PROBLEM REQUIREMENTS — Return exactly the lines below, starting with the one that has "#14629 = EDGE_CURVE" and going on through the one that has "#18193 = LINE ( 'NONE', #10738, #155 ) ;".
----
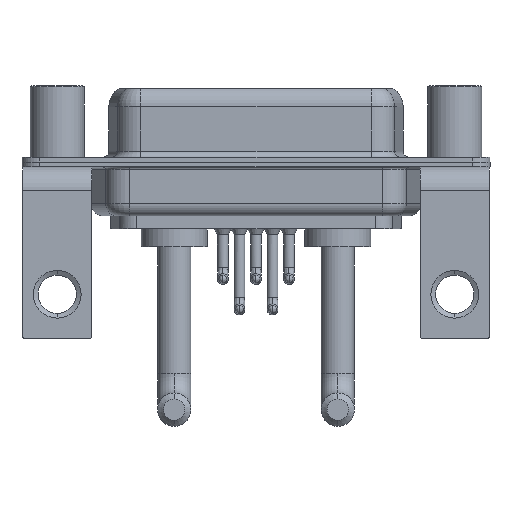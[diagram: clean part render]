
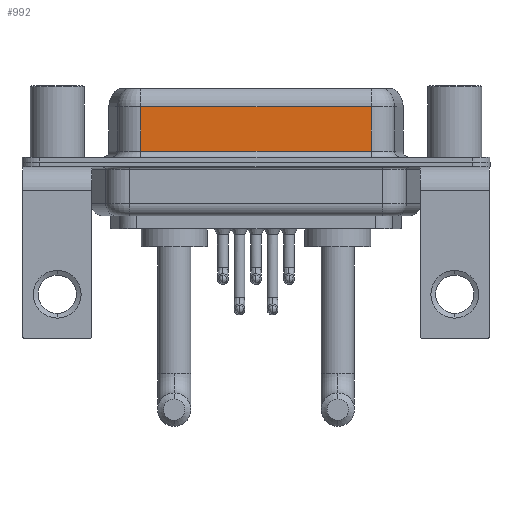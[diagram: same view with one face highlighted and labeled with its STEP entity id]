
A CAD part, front view. The second image highlights one B-rep face of the part: STEP entity #992.
In plain terms, the highlighted planar face has unit normal (0, -1, 0).
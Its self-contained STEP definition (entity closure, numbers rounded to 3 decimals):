
#155 = VECTOR ( 'NONE', #16713, 1000. ) ;
#930 = LINE ( 'NONE', #17047, #14751 ) ;
#992 = ADVANCED_FACE ( 'NONE', ( #16890 ), #1505, .F. ) ;
#1450 = CARTESIAN_POINT ( 'NONE',  ( 26.287, -3.95, 0.9 ) ) ;
#1505 = PLANE ( 'NONE',  #15374 ) ;
#1939 = EDGE_CURVE ( 'NONE', #5022, #12665, #3212, .T. ) ;
#2621 = ORIENTED_EDGE ( 'NONE', *, *, #14629, .F. ) ;
#3212 = LINE ( 'NONE', #6342, #18132 ) ;
#3851 = DIRECTION ( 'NONE',  ( 1., 0., 0. ) ) ;
#4349 = DIRECTION ( 'NONE',  ( 0., 1., 0. ) ) ;
#4498 = VERTEX_POINT ( 'NONE', #8964 ) ;
#5022 = VERTEX_POINT ( 'NONE', #10222 ) ;
#6342 = CARTESIAN_POINT ( 'NONE',  ( 26.287, -3.95, 4.65 ) ) ;
#6916 = DIRECTION ( 'NONE',  ( 0., 0., -1. ) ) ;
#7337 = ORIENTED_EDGE ( 'NONE', *, *, #7875, .T. ) ;
#7875 = EDGE_CURVE ( 'NONE', #4498, #12044, #9760, .T. ) ;
#7917 = DIRECTION ( 'NONE',  ( -1., 0., 0. ) ) ;
#8964 = CARTESIAN_POINT ( 'NONE',  ( 7.013, -3.95, 0.9 ) ) ;
#9652 = ORIENTED_EDGE ( 'NONE', *, *, #10171, .T. ) ;
#9760 = LINE ( 'NONE', #17305, #18839 ) ;
#10171 = EDGE_CURVE ( 'NONE', #12665, #4498, #930, .T. ) ;
#10222 = CARTESIAN_POINT ( 'NONE',  ( 26.287, -3.95, 4.65 ) ) ;
#10738 = CARTESIAN_POINT ( 'NONE',  ( 26.287, -3.95, 6.4 ) ) ;
#12044 = VERTEX_POINT ( 'NONE', #1450 ) ;
#12372 = DIRECTION ( 'NONE',  ( 0., 0., 1. ) ) ;
#12665 = VERTEX_POINT ( 'NONE', #14653 ) ;
#12836 = ORIENTED_EDGE ( 'NONE', *, *, #1939, .T. ) ;
#14629 = EDGE_CURVE ( 'NONE', #5022, #12044, #18193, .T. ) ;
#14653 = CARTESIAN_POINT ( 'NONE',  ( 7.013, -3.95, 4.65 ) ) ;
#14751 = VECTOR ( 'NONE', #6916, 1000. ) ;
#14834 = CARTESIAN_POINT ( 'NONE',  ( 26.287, -3.95, 6.4 ) ) ;
#15374 = AXIS2_PLACEMENT_3D ( 'NONE', #14834, #4349, #12372 ) ;
#16713 = DIRECTION ( 'NONE',  ( 0., 0., -1. ) ) ;
#16890 = FACE_OUTER_BOUND ( 'NONE', #17460, .T. ) ;
#17047 = CARTESIAN_POINT ( 'NONE',  ( 7.013, -3.95, 6.4 ) ) ;
#17305 = CARTESIAN_POINT ( 'NONE',  ( 26.287, -3.95, 0.9 ) ) ;
#17460 = EDGE_LOOP ( 'NONE', ( #2621, #12836, #9652, #7337 ) ) ;
#18132 = VECTOR ( 'NONE', #7917, 1000. ) ;
#18193 = LINE ( 'NONE', #10738, #155 ) ;
#18839 = VECTOR ( 'NONE', #3851, 1000. ) ;
----
ANSWER SECTION —
#14629 = EDGE_CURVE ( 'NONE', #5022, #12044, #18193, .T. ) ;
#14653 = CARTESIAN_POINT ( 'NONE',  ( 7.013, -3.95, 4.65 ) ) ;
#14751 = VECTOR ( 'NONE', #6916, 1000. ) ;
#14834 = CARTESIAN_POINT ( 'NONE',  ( 26.287, -3.95, 6.4 ) ) ;
#15374 = AXIS2_PLACEMENT_3D ( 'NONE', #14834, #4349, #12372 ) ;
#16713 = DIRECTION ( 'NONE',  ( 0., 0., -1. ) ) ;
#16890 = FACE_OUTER_BOUND ( 'NONE', #17460, .T. ) ;
#17047 = CARTESIAN_POINT ( 'NONE',  ( 7.013, -3.95, 6.4 ) ) ;
#17305 = CARTESIAN_POINT ( 'NONE',  ( 26.287, -3.95, 0.9 ) ) ;
#17460 = EDGE_LOOP ( 'NONE', ( #2621, #12836, #9652, #7337 ) ) ;
#18132 = VECTOR ( 'NONE', #7917, 1000. ) ;
#18193 = LINE ( 'NONE', #10738, #155 ) ;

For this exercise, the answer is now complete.